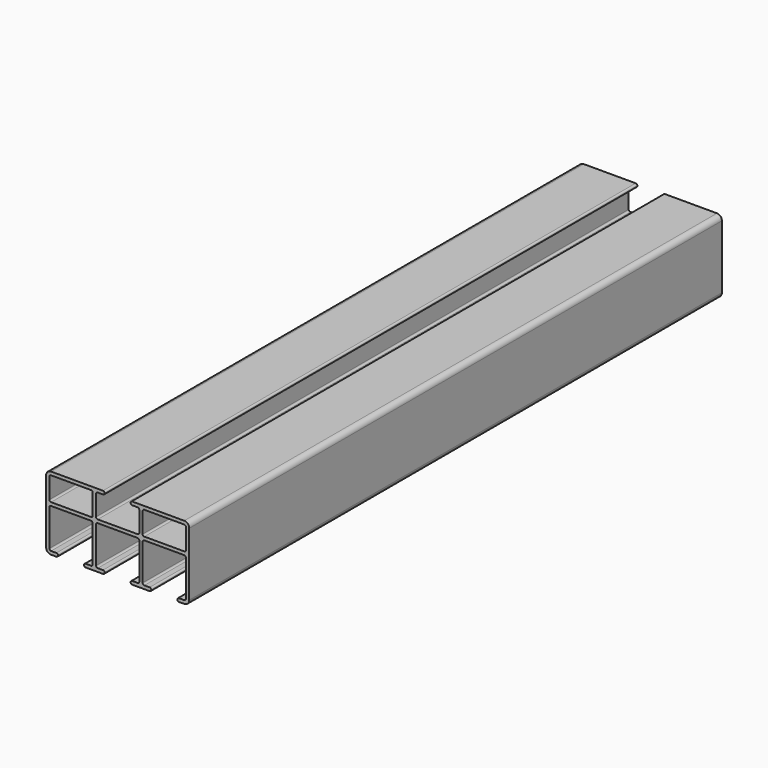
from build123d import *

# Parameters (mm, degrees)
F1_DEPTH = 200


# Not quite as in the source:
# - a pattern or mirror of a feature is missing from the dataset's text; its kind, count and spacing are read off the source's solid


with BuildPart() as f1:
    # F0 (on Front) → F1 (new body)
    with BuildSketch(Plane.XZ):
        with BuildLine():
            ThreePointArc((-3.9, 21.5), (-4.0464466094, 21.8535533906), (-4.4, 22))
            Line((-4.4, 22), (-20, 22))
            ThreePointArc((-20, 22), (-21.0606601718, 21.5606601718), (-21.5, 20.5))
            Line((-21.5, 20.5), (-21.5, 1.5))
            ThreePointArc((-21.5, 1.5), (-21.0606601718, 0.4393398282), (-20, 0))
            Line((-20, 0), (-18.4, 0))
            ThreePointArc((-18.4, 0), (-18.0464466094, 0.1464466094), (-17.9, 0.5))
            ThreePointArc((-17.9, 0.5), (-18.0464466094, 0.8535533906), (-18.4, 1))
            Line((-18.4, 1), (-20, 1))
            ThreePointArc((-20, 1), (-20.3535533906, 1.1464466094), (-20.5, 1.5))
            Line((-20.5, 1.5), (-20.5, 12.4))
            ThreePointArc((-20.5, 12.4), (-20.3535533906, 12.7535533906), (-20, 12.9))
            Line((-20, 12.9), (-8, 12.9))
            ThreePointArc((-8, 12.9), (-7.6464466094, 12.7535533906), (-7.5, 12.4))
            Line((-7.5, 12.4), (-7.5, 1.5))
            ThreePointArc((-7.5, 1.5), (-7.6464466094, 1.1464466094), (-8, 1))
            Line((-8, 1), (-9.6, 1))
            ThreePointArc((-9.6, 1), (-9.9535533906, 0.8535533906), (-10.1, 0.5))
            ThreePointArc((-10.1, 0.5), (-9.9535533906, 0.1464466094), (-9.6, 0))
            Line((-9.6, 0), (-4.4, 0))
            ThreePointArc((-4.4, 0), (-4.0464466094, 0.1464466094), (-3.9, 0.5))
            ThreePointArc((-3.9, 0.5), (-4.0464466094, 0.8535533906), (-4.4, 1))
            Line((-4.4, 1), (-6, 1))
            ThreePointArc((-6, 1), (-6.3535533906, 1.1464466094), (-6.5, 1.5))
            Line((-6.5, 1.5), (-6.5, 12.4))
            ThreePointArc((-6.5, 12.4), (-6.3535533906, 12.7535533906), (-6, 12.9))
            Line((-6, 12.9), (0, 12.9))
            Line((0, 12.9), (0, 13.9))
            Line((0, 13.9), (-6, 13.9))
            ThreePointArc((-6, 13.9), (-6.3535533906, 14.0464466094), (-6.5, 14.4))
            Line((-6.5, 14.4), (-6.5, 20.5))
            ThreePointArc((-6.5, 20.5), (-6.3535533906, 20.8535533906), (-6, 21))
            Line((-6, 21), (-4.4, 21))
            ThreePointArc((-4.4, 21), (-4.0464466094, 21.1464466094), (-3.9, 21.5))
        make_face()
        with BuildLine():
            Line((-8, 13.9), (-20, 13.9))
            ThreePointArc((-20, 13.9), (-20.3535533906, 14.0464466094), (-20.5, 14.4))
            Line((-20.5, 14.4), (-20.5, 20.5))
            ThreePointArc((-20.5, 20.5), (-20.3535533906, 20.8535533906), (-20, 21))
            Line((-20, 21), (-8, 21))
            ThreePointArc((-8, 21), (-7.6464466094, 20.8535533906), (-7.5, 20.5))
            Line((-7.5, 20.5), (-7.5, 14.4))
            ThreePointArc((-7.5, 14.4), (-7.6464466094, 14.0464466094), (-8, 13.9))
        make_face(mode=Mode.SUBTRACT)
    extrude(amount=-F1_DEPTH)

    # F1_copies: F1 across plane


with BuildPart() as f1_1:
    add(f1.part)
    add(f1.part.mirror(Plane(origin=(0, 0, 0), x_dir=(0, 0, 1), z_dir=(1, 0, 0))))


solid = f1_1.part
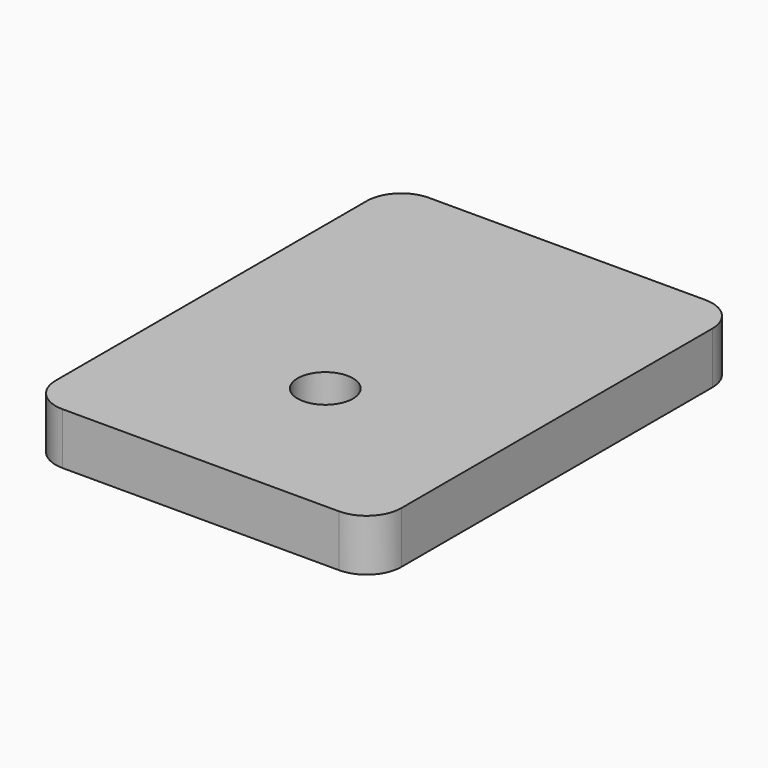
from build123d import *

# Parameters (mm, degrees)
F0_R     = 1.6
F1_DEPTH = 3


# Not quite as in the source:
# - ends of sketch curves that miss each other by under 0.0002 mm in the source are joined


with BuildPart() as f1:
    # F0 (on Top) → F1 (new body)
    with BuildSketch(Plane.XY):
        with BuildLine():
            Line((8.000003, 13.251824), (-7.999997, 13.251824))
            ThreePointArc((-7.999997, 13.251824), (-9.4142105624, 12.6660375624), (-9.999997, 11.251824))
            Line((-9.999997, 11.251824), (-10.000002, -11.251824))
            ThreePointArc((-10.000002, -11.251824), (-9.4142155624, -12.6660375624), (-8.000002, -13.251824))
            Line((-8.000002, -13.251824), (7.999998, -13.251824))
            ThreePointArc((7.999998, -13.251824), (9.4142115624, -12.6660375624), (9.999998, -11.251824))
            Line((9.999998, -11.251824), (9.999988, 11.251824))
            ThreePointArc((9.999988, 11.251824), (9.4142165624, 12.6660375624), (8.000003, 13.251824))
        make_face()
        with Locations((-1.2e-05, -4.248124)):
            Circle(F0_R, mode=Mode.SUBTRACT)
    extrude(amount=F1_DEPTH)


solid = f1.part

★ ★ ★ ★

What is expected
Quote only the lines from the line containing "Circle(F0_R, mode=Mode.SUBTRACT)" through the end of the entries, keeping the first and the last.

Final answer
            Circle(F0_R, mode=Mode.SUBTRACT)
    extrude(amount=F1_DEPTH)


solid = f1.part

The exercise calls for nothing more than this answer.